You're facing a common challenge when parsing semi-structured logs like CEF, where key names themselves contain variable data. Google SecOps parsers have mechanisms to handle this, although it might require a combination of techniques.
Here's a breakdown of how to approach this, addressing your specific questions:
1. **Dynamic Field/Prefix Catching:**
* **No Explicit "Dynamic Field Type":** The Unified Data Model (UDM) has a fixed schema. You cannot dynamically create new UDM fields based on the key names in the raw log.
* **KV Filter:** The most promising approach for the CEF extension part (which is key-value like) is using the `kv {}` filter in your parser. This filter can parse strings containing key-value pairs.

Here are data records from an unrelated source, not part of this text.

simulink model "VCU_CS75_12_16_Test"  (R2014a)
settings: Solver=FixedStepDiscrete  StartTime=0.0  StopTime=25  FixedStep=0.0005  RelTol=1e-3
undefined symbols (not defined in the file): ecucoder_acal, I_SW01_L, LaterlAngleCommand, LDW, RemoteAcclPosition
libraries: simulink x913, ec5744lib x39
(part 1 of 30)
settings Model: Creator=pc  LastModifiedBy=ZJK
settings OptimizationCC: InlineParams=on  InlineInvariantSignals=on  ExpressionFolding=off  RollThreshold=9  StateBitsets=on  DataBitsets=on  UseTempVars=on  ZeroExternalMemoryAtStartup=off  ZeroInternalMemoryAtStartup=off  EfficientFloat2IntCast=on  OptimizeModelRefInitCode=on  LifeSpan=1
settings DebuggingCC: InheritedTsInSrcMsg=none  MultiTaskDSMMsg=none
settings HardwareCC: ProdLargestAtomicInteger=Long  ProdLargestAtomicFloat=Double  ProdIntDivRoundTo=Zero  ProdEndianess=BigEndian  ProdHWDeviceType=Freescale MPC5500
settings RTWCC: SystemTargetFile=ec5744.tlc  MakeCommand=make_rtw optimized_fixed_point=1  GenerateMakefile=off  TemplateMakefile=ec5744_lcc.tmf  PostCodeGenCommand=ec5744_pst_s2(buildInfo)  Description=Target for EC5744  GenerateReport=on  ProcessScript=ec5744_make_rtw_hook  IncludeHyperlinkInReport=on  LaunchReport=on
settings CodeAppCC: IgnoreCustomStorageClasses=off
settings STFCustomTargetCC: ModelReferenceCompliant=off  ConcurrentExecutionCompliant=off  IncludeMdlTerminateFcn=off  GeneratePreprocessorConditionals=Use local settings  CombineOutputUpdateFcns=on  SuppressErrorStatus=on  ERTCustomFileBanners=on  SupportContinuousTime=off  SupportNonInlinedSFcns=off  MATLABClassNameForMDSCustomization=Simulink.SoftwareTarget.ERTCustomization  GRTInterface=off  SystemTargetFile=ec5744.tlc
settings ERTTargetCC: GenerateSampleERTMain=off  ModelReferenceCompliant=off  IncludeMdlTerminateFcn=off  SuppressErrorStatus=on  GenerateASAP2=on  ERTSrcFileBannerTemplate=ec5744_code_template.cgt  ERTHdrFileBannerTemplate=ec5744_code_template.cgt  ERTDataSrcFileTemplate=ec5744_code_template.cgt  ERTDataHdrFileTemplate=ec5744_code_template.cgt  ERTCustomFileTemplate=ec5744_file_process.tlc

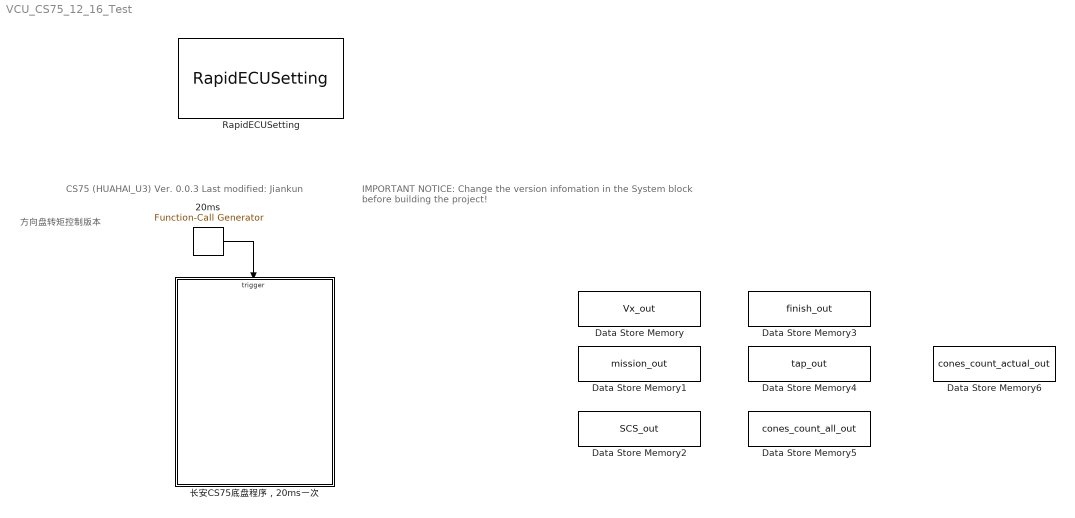
== system VCU_CS75_12_16_Test ==
  note: 方向盘转矩控制版本
  note: CS75 (HUAHAI_U3)
      | Ver. 0.0.3
      | Last modified: Jiankun
  note: IMPORTANT NOTICE:
      | Change the version infomation in the System block
      | before building the project!
  20ms : simulink/Ports & Subsystems/Function-Call Generator  sample_time=0.02  numberOfIterations=1
  Data Store Memory : DataStoreMemory  DataStoreName=Vx_out  ReadBeforeWriteMsg=warning  WriteAfterWriteMsg=warning  WriteAfterReadMsg=warning
  Data Store Memory1 : DataStoreMemory  DataStoreName=mission_out  ReadBeforeWriteMsg=warning  WriteAfterWriteMsg=warning  WriteAfterReadMsg=warning
  Data Store Memory2 : DataStoreMemory  DataStoreName=SCS_out  ReadBeforeWriteMsg=warning  WriteAfterWriteMsg=warning  WriteAfterReadMsg=warning
  Data Store Memory3 : DataStoreMemory  DataStoreName=finish_out  ReadBeforeWriteMsg=warning  WriteAfterWriteMsg=warning  WriteAfterReadMsg=warning
  Data Store Memory4 : DataStoreMemory  DataStoreName=tap_out  ReadBeforeWriteMsg=warning  WriteAfterWriteMsg=warning  WriteAfterReadMsg=warning
  Data Store Memory5 : DataStoreMemory  DataStoreName=cones_count_all_out  ReadBeforeWriteMsg=warning  WriteAfterWriteMsg=warning  WriteAfterReadMsg=warning
  Data Store Memory6 : DataStoreMemory  DataStoreName=cones_count_actual_out  ReadBeforeWriteMsg=warning  WriteAfterWriteMsg=warning  WriteAfterReadMsg=warning
  RapidECUSetting : ec5744lib/RapidECU_U3/RapidECUSetting
      link override CAN: apdf=4  bpdf=4  cpdf=4  acmt=Extended(29-bit ID)
      link override LIN: abrt=19200
  长安CS75底盘程序，20ms一次 : Subsystem
  wires:
  20ms/1 -> 长安CS75底盘程序，20ms一次/Trigger

== system VCU_CS75_12_16_Test/长安CS75底盘程序，20ms一次 ==
  Trigger : TriggerPort  TriggerType=function-call  PortDimensions=1
  APP : Subsystem  TreatAsAtomicUnit=on
  Input : Subsystem  TreatAsAtomicUnit=on
  Output : Subsystem
  wires:
  Input/1(IO_Input) -> APP/1(APP_Input)
  APP/1(APP_Output) -> Output/1(IO_Output)

== system VCU_CS75_12_16_Test/长安CS75底盘程序，20ms一次/APP ==
  note: 完全调试完需要修改一下，目前这个模块无用
  note: APP Module
      | Ver. 0.0.2
      | Last modified: ZJK 2020-10-09
  APP_Input : Inport
  Bus Creator1 : BusCreator
  Controller : Subsystem
  Monitor : Subsystem
  System_State_Manager : Subsystem
  APP_Output : Outport
  wires:
  Bus Creator1/1 -> APP_Output/1
  System_State_Manager/1(System_State) -> Bus Creator1/2, Controller/3(System_State)  "System_State"
  Monitor/1(System_Status) -> Bus Creator1/3, System_State_Manager/1(System_Status), Controller/2(System_Status)  "System_Status"
  Controller/1(Control_Output) -> Bus Creator1/1  "Control_Output"
  APP_Input/1 -> Controller/1(APP_Input), Bus Creator1/4, Monitor/1(APP_Input)  "APP_Input"

== system VCU_CS75_12_16_Test/长安CS75底盘程序，20ms一次/Input ==
  note: 程序版本-------方向盘转矩控制版本
  note: 接收底层发来的Messages
  note: 接收服务器Messages
  note: 低有效开关量6，用作横向自动驾驶开关
  note: Module
      | Ver. 0.0.1
      | Last modified by ZJK
  ADC_Input : Subsystem
  Bus Creator : BusCreator
  CAN0_Rx : Subsystem
  CAN1_Rx : Subsystem
  DBC转化的messages（存底） : Subsystem  Commented=on
  System : Subsystem  TreatAsAtomicUnit=on
  IO_Input : Outport
  wires:
  CAN0_Rx/1(CAN0_Data_Rx) -> Bus Creator/1  "CAN0_Data_Rx"
  CAN1_Rx/1(CAN1_Data_Rx) -> Bus Creator/2  "CAN1_Data_Rx"
  System/1(System_Output) -> Bus Creator/3  "System_Output"
  ADC_Input/1(ADC_Input) -> Bus Creator/4  "ADC_Input"
  Bus Creator/1 -> IO_Input/1

== system VCU_CS75_12_16_Test/长安CS75底盘程序，20ms一次/Output ==
  IO_Output : Inport
  CAN0_Tx : Subsystem
  CAN1_Tx : Subsystem
  Subsystem : Subsystem  Commented=on
  wires:
  IO_Output/1 -> CAN0_Tx/1(APP_Out), CAN1_Tx/1(APP_Out)

== system VCU_CS75_12_16_Test/长安CS75底盘程序，20ms一次/APP/Controller ==
  note: 方向盘震动控制，在退出和进入自动驾驶启用，目前未启用
  APP_Input : Inport
  System_Status : Inport  Port=2
  System_State : Inport  Port=3
  Accesories : Subsystem  TreatAsAtomicUnit=on
  Bus Creator : BusCreator  Inputs=5
  Bus Creator2 : BusCreator
  Bus Selector : BusSelector  OutputSignals=CAN0_Data_Rx,CAN1_Data_Rx,ADC_Input
  General : Subsystem  Commented=on  TreatAsAtomicUnit=on
  Lateral : Subsystem  TreatAsAtomicUnit=on
  Longitudinal : Subsystem  TreatAsAtomicUnit=on
  Control_Output : Outport
  wires:
  Bus Creator/1 -> General/1(Control_Input), Longitudinal/1(Control_Input), Accesories/1(Control_Input), Lateral/1(Control_Input)  "Control_Input"
  Bus Selector/1 -> Bus Creator/1  "<CAN0_Data_Rx>"
  APP_Input/1 -> Bus Selector/1
  Bus Selector/2 -> Bus Creator/2  "<CAN1_Data_Rx>"
  Accesories/1(Accesories_Output) -> Bus Creator2/4  "Accesories_Output"
  Lateral/1(Lateral_Output) -> Bus Creator2/3  "Lateral_Output"
  General/1(General_Output) -> Bus Creator2/1  "General_Output"
  Longitudinal/1(Longitudinal_Output) -> Bus Creator2/2  "Longitudinal_Output"
  Bus Creator2/1 -> Control_Output/1  "Control_Output"
  System_Status/1 -> Bus Creator/4  "System_Status"
  Bus Selector/3 -> Bus Creator/3  "<ADC_Input>"
  System_State/1 -> Bus Creator/5  "System_State"

== system VCU_CS75_12_16_Test/长安CS75底盘程序，20ms一次/APP/Monitor ==
  note: 网关发出EPS\ESP通讯或功能故障
  note: 人工接管状态（只要是制动踏板踩下，就认为驾驶员在控车）
  note: 服务器的通信状态/服务器下发的Ready信号
  note: 底层自己装的一个Switch，低有效
      | 可能用于判定进入自动驾驶的一个信号
  APP_Input : Inport
  Bus Creator : BusCreator
  Server_Status : Subsystem
  Switches_Status : Subsystem
  Vehicle_Status : Subsystem
  Vehicle_Takeover_Status : Subsystem
  System_Status : Outport
  wires:
  Bus Creator/1 -> System_Status/1
  APP_Input/1 -> [APP_Input]
  [APP_Input] -> Vehicle_Status/1(APP_Input)
  [APP_Input] -> Switches_Status/1(APP_Input)
  [APP_Input] -> Server_Status/1(APP_Input)
  [APP_Input] -> Vehicle_Takeover_Status/1(APP_Input)
  Vehicle_Status/1(Vehicle_Status) -> Bus Creator/1  "VehicleStatus"
  Vehicle_Takeover_Status/1(Takeover_Status) -> Bus Creator/2  "TakeOver1"
  Server_Status/1(Server_Status) -> Bus Creator/3  "ServerStatus"
  Switches_Status/1(Switches_Status) -> Bus Creator/4  "Switch_Status"

== system VCU_CS75_12_16_Test/长安CS75底盘程序，20ms一次/APP/System_State_Manager ==
  note: 暂时不考虑横向自动驾驶，目的是调试横向PID
  note: 0：人工驾驶；
      | 1：纵向自动驾驶；
      | 2：人工接管；
      | 3：底盘通信故障/功能故障；需要人工接管；
  System_Status : Inport
  Bus Selector : BusSelector  OutputSignals=VehicleStatus.VehicleFaultStatus,VehicleStatus.VehicleCommunicationStatus,VehicleStatus.EPS_AvailabilityStatus,TakeOver1,ServerStatus.Server_CommunicationStatus,ServerStatus.AutoDrivingReady,Switch_Status.P6_Value
  Chart : Stateflow chart  TreatAsAtomicUnit=on
  System_State : Outport
  wires:
  System_Status/1 -> Bus Selector/1
  Bus Selector/1 -> Chart/1(VehicleFaultStatus)  "<VehicleFaultStatus>"
  Bus Selector/2 -> Chart/2(VehicleComminicationStatus)  "<VehicleCommunicationStatus>"
  Bus Selector/4 -> Chart/4(TakeoverStatus)  "<TakeOver1>"
  Bus Selector/5 -> Chart/5(Server_CommunicationStatus)  "<Server_CommunicationStatus>"
  Bus Selector/6 -> Chart/6(AutoDrivingReady)  "<AutoDrivingReady>"
  Chart/1(System_State) -> System_State/1  "System_State"
  Bus Selector/7 -> Chart/7(Switch_P6)  "<P6_Value>"
  Bus Selector/3 -> Chart/3(EPS_AvailabilityStatus)  "<EPS_AvailabilityStatus>"

== system VCU_CS75_12_16_Test/长安CS75底盘程序，20ms一次/Input/ADC_Input ==
  Bus Creator2 : BusCreator  Inputs=1
  Data Type Conversion : DataTypeConversion  OutDataTypeStr=double
  MATLAB Function : MATLAB Function  TreatAsAtomicUnit=on
  SwitchInput : ec5744lib/RapidECU_U3/01BasicInput/SwitchInput  channel=6:I_SW01_L  sampletime=-1
  ADC_Input : Outport
  wires:
  SwitchInput/1 -> Data Type Conversion/1  "P6_Value"
  Bus Creator2/1 -> ADC_Input/1  "ADC_Input"
  Data Type Conversion/1 -> MATLAB Function/1(u)  "P6_Value"
  MATLAB Function/1(y) -> Bus Creator2/1  "P6_Value"

== system VCU_CS75_12_16_Test/长安CS75底盘程序，20ms一次/Input/CAN0_Rx ==
  note: BSW CAN 1 Receive
      | Communication to the vehicle
      | Ver. 1.0
      | 2020/11/14
  Bus Creator : BusCreator  Commented=on  Inputs=5
  Bus Creator2 : BusCreator  Inputs=1
  Constant : Constant  Commented=on  Value=0  SampleTime=-1
  Constant1 : Constant  Commented=on  Value=0  SampleTime=-1
  Constant2 : Constant  Commented=on  Value=0  SampleTime=-1
  ECCalVar1 : Constant  Commented=on  InitFcn=ecucoder_acal;  Value=RemoteAcclPosition  OutDataTypeStr=Inherit: Inherit via back propagation  SampleTime=-1
  ECCalVar2 : Constant  Commented=on  InitFcn=ecucoder_acal;  Value=LaterlAngleCommand  OutDataTypeStr=Inherit: Inherit via back propagation  SampleTime=-1
  a1_211 : Subsystem
  CAN0_Data_Rx : Outport
  wires:
  [A1_211] -> Bus Creator2/1  "A1_Data"
  Bus Creator2/1 -> CAN0_Data_Rx/1  "CAN0_Data_Rx"
  Bus Creator/1 -> ?
  Constant2/1 -> Bus Creator/1  "AutoDrivingReady"
  ECCalVar1/1 -> Bus Creator/2  "RemoteAcclPosition"
  ECCalVar2/1 -> Bus Creator/3  "LaterlAngleCommand"
  Constant/1 -> Bus Creator/4  "A1_Message_Counter"
  Constant1/1 -> Bus Creator/5  "A1_Checksum"
  a1_211/1(A1_211) -> [A1_211]

== system VCU_CS75_12_16_Test/长安CS75底盘程序，20ms一次/Input/CAN1_Rx ==
  BCM_288 : Subsystem
  BCM_328 : Subsystem
  BCM_348 : Subsystem
  BCM_3DF : Subsystem
  Bus Creator2 : BusCreator  Inputs=27
  EMS_205 : Subsystem
  EMS_255 : Subsystem
  EMS_265 : Subsystem
  EMS_276 : Subsystem
  EPB_256 : Subsystem
  EPS_20A : Subsystem
  EPS_21A : Subsystem
  ESP_277 : Subsystem
  ESP_280 : Subsystem
  ESP_281 : Subsystem
  ESP_287 : Subsystem
  GW_20B : Subsystem
  GW_308 : Subsystem
  GW_332 : Subsystem
  GW_376 : Subsystem
  GW_3A2 : Subsystem
  GW_567 : Subsystem
  HU_GPS_500 : Subsystem
  LAS_36E : Subsystem
  SAS_108 : Subsystem
  SCM_3B8 : Subsystem
  SRS_005 : Subsystem
  TCU_286 : Subsystem
  CAN1_Data_Rx : Outport
  wires:
  Bus Creator2/1 -> CAN1_Data_Rx/1  "CAN1_Data_Rx"
  [SAS_108] -> Bus Creator2/11  "SAS_108_Data"
  [BCM_328] -> Bus Creator2/16  "BCM_328_Data"
  [SCM_3B8] -> Bus Creator2/12  "SCM_3B8_Data"
  [GW_308] -> Bus Creator2/21  "GW_308_Data"
  [EMS_265] -> Bus Creator2/3  "EMS_265_Data"
  [ESP_287] -> Bus Creator2/10  "ESP_287_Data"
  [EPS_21A] -> Bus Creator2/6  "EPS_21A_Data"
  [ESP_277] -> Bus Creator2/7  "ESP_277_Data"
  [BCM_3DF] -> Bus Creator2/18  "BCM_3DF_Data"
  [ESP_281] -> Bus Creator2/9  "ESP_281_Data"
  [GW_332] -> Bus Creator2/20  "GW_332_Data"
  [ESP_280] -> Bus Creator2/8  "ESP_280_Data"
  [GW_20B] -> Bus Creator2/19  "GW_20B_Data"
  [BCM_348] -> Bus Creator2/17  "BCM_348_Data"
  [GW_376] -> Bus Creator2/22  "GW_376_Data"
  [SRS_005] -> Bus Creator2/13  "SRS_005_Data"
  [BCM_288] -> Bus Creator2/15  "BCM_288_Data"
  [TCU_286] -> Bus Creator2/14  "TCU_286_Data"
  [EPS_20A] -> Bus Creator2/5  "EPS_20A_Data"
  [EPB_256] -> Bus Creator2/4  "EPB_256_Data"
  [GW_3A2] -> Bus Creator2/23  "GW_3A2_Data"
  [GW_567] -> Bus Creator2/24  "GW_567_Data"
  [HU_GPS_500] -> Bus Creator2/25  "HU_GPS_500_Data"
  [LAS_36E] -> Bus Creator2/26  "LAS_36E_Data"
  [EMS_276] -> Bus Creator2/27  "EMS_276_Data"
  [EMS_205] -> Bus Creator2/1  "EMS_205_Data"
  [EMS_255] -> Bus Creator2/2  "EMS_255_Data"
  EMS_255/1(EMS_255) -> [EMS_255]
  EMS_265/1(EMS_265) -> [EMS_265]
  EMS_276/1(EMS_276) -> [EMS_276]
  EPB_256/1(EPB_256) -> [EPB_256]
  EMS_205/1(EMS_205) -> [EMS_205]
  EPS_20A/1(EPS_20A) -> [EPS_20A]
  EPS_21A/1(EPS_21A) -> [EPS_21A]
  ESP_277/1(ESP_277) -> [ESP_277]
  ESP_280/1(ESP_280) -> [ESP_280]
  ESP_281/1(ESP_281) -> [ESP_281]
  ESP_287/1(ESP_287) -> [ESP_287]
  SAS_108/1(SAS_108) -> [SAS_108]
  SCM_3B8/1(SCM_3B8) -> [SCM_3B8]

2. **Parser Logic to Loop/Extract Variable Keys:**
* **Direct Looping on Keys (Limited):** Parsers have a `for` loop construct, but it's typically used for iterating over arrays *extracted* from JSON or split fields. Directly iterating over the *keys* of an arbitrary key-value string within the parser is less straightforward. The `kv {}` filter doesn't inherently loop and create UDM fields dynamically based on key names.
3. **Recommended UDM Strategy for Dynamic Data:**
* **`additional.fields`:** This is the primary place in UDM to store arbitrary key-value pairs that don't fit into the standard UDM schema. It's designed for this exact purpose. You can map your dynamic keys here. This field is a map type.
* **`about.labels` / `principal.labels` / `target.labels` etc.:** These are repeated fields of key-value pairs on various UDM nouns. Similar to `additional.fields`, they are suitable for vendor-specific or dynamic attributes.
* **Populating Labels/Additional Fields:** The most straightforward method within the parser is to map all the key-value pairs extracted from the CEF extension into one of these map fields.
* **Example Concept:**
```gcl
filter {
# Extract the CEF extension part into a field named 'extension'
grok {
match => { "message" => ".*CEF:0\\|.*?\\|.*?\\|.*?\\|.*?\\|.*?\\|.*?\\|(?P<extension>.*)" }
}
if [extension] != "" {
# Parse the key-value pairs from the extension field
kv {
source => "extension"
field_split => " " # Keys are separated by spaces
value_split => "=" # Key and value are separated by '='
target => "dynamic_attributes" # Store the result in a temporary field
}
# Merge all extracted key-value pairs into additional.fields
mutate {
merge => { "event.idm.read_only_udm.additional.fields" => "dynamic_attributes" }
}
}
}
```
This configuration will take all the key-value pairs found in the CEF extension string and put them into the `additional.fields` map in the UDM event.
* **Searchability:** Data stored in `additional.fields` and the various `*.labels` fields is fully searchable using UDM Search in Google SecOps. You can query based on the dynamic keys and their values. For example, you could search for `additional.fields["affected_assets.192.168.1.1.hosts"] = "some_host"`.
**Recommendations:**
1. **Use `additional.fields`:** The most direct method within the parser is to use the `kv` filter to extract all the dynamic keys from the CEF extension and merge them into the `event.idm.read_only_udm.additional.fields` map. This ensures all data is ingested and available for searching.
2. **External Pre-processing:** If you have control over the data pipeline before it reaches Google SecOps, you could use an intermediary tool to pre-process the logs. This tool could parse the dynamic keys and restructure them into a JSON format that's more easily mapped to specific UDM fields or a more structured representation within `additional.fields`.
The recommended approach is to use the `kv` filter and merge the results into `additional.fields`. This makes all the dynamic data accessible within Google SecOps.